Esce il 6 maggio il nuovo libro di Luigi Notari (già segretario siulp) e Mauro Ravarino (giornalista) dal titolo Al di sotto della legge. Conversazioni su polizia e democrazia, per Edizioni Gruppo Abele, all’interno della collana Palafitte.

Il libro

Il testo ripercorre le vicende (non solo professionali) di Luigi Notari attraverso 40 anni della storia d’Italia e della polizia, anni che hanno scosso il Paese: dalla lunga battaglia per la smilitarizzazione della polizia all’assassinio di Aldo Moro; dall’omicidio di Francesco Lorusso, in piazza a Bologna, alla strage del 2 agosto; dal caso Dozier a quello della banda della Uno bianca fino ai più recenti avvenimenti di Genova 2001 e della morte di Federico Aldrovandi e Stefano Cucchi.
Così Mauro Ravarino, interlocutore più che intervistatore, descrive il libro: «Al di sotto della legge è un viaggio di scoperta, immagino reciproca, l’incontro tra visioni e spaccati diversi, replicato in un’articolata conversazione che ruota attorno al concetto di democrazia (in particolare, alla sua applicazione) e si snoda in quasi quarant’anni di storia italiana e personale, dal 1976 a oggi – e, ancora, riferendosi a Notari – è come se avesse un cappello da prestigiatore in cui raccogliere infiniti aneddoti, affastellati l’un l’altro».

Gli autori

Luigi Notari è entrato in polizia, quasi per caso, nei difficili anni Settanta, anni di cambiamenti e di violenza.
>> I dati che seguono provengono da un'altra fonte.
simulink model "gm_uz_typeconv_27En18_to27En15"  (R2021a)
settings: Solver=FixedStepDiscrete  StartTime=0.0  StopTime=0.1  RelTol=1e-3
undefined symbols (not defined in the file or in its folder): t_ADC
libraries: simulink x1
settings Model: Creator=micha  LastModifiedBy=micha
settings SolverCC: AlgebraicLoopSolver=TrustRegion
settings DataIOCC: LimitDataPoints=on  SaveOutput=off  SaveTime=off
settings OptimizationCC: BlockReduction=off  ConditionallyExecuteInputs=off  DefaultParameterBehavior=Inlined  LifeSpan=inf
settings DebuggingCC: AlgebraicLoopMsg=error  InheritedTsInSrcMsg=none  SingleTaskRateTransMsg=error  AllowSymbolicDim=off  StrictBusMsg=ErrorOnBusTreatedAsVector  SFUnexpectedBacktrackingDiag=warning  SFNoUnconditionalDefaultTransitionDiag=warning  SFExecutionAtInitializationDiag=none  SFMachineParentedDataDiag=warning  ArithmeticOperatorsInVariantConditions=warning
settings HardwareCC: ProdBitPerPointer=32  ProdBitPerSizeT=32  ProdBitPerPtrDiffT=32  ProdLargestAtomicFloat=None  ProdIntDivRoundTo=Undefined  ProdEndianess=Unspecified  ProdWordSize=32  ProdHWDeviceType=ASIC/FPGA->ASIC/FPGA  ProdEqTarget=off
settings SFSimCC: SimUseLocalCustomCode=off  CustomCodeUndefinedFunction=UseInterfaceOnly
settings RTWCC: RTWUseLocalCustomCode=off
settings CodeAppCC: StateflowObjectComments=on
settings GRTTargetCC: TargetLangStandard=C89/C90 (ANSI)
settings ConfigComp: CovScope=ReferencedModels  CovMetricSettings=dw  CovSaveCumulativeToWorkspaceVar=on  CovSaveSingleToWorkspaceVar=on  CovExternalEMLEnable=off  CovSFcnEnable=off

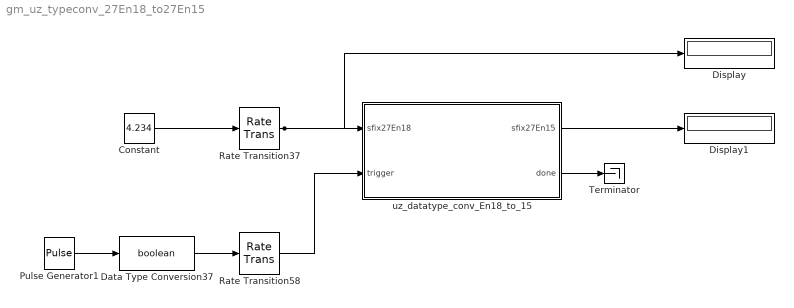
== system gm_uz_typeconv_27En18_to27En15 ==
  Constant : Constant  Value=4.234  OutDataTypeStr=fixdt(1,27,18)  SampleTime=-1
  Data Type Conversion37 : DataTypeConversion  OutDataTypeStr=boolean
  Display : Display
  Display1 : Display
  Pulse Generator1 : DiscretePulseGenerator  PulseType=Time based  Period=t_ADC  PulseWidth=5
  Rate Transition37 : RateTransition  OutPortSampleTime=t_clock
  Rate Transition58 : RateTransition  OutPortSampleTime=t_clock
  Terminator : Terminator
  uz_datatype_conv_En18_to_15 : Subsystem  TreatAsAtomicUnit=on
  wires:
  uz_datatype_conv_En18_to_15/2(done) -> Terminator/1
  Rate Transition37/1 -> uz_datatype_conv_En18_to_15/1(sfix27En18), Display/1
  Rate Transition58/1 -> uz_datatype_conv_En18_to_15/2(trigger)
  Pulse Generator1/1 -> Data Type Conversion37/1
  Data Type Conversion37/1 -> Rate Transition58/1
  uz_datatype_conv_En18_to_15/1(sfix27En15) -> Display1/1
  Constant/1 -> Rate Transition37/1

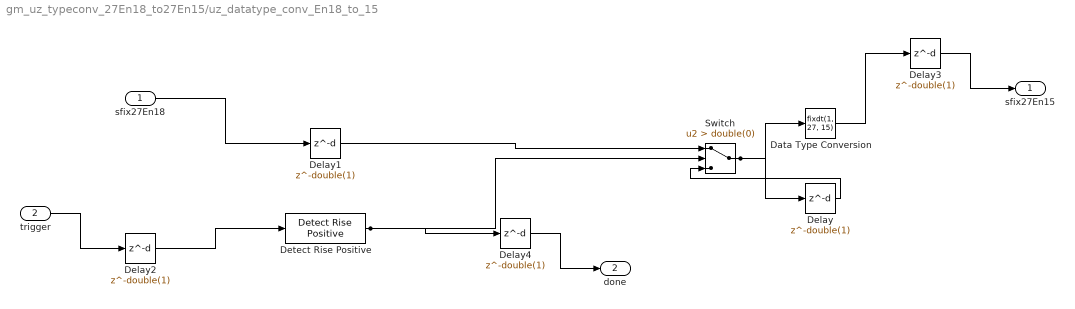
== system gm_uz_typeconv_27En18_to27En15/uz_datatype_conv_En18_to_15 ==
  sfix27En18 : Inport  OutDataTypeStr=fixdt(1, 27, 18)  PortDimensions=1  SampleTime=1e-08
  trigger : Inport  Port=2  OutDataTypeStr=boolean  PortDimensions=1  SampleTime=1e-08
  Data Type Conversion : DataTypeConversion  OutDataTypeStr=fixdt(1, 27, 15)  SampleTime=1e-08
  Delay{,1..4} (5 alike) : Delay  DelayLength=double(1)  InitialCondition=0  SampleTime=1e-08
  Detect Rise Positive : simulink/Logic and Bit Operations/Detect Rise Positive  vinit=0  OutDataTypeStr=boolean
  Switch : Switch  Criteria=u2 > Threshold  Threshold=double(0)  OutDataTypeStr=fixdt(1, 27, 18)  SampleTime=1e-08
  sfix27En15 : Outport  SampleTime=1e-08  VectorParamsAs1DForOutWhenUnconnected=off
  done : Outport  Port=2  SampleTime=1e-08  VectorParamsAs1DForOutWhenUnconnected=off
  wires:
  sfix27En18/1 -> Delay1/1
  trigger/1 -> Delay2/1
  Data Type Conversion/1 -> Delay3/1
  Delay/1 -> Switch/3
  Delay1/1 -> Switch/1
  Delay2/1 -> Detect Rise Positive/1
  Delay3/1 -> sfix27En15/1
  Delay4/1 -> done/1
  Detect Rise Positive/1 -> Switch/2, Delay4/1
  Switch/1 -> Data Type Conversion/1, Delay/1

Dal 1994, dopo aver contribuito alla sua formazione è entrato nella segreteria nazionale del siulp (Sindacato Italiano Unitario Lavoratori Polizia), attività che ha svolto fino alla pensione. Ha un’idea molto chiara del ruolo che la polizia dovrebbe avere nella società, che riassume così: «La società e ingiusta, le diseguaglianze sono all’ordine del giorno. Il poliziotto è un medico sociale. Non deve per forza amputare, ma prevenire e curare, studiare e chiedere aiuto alle altre istituzioni».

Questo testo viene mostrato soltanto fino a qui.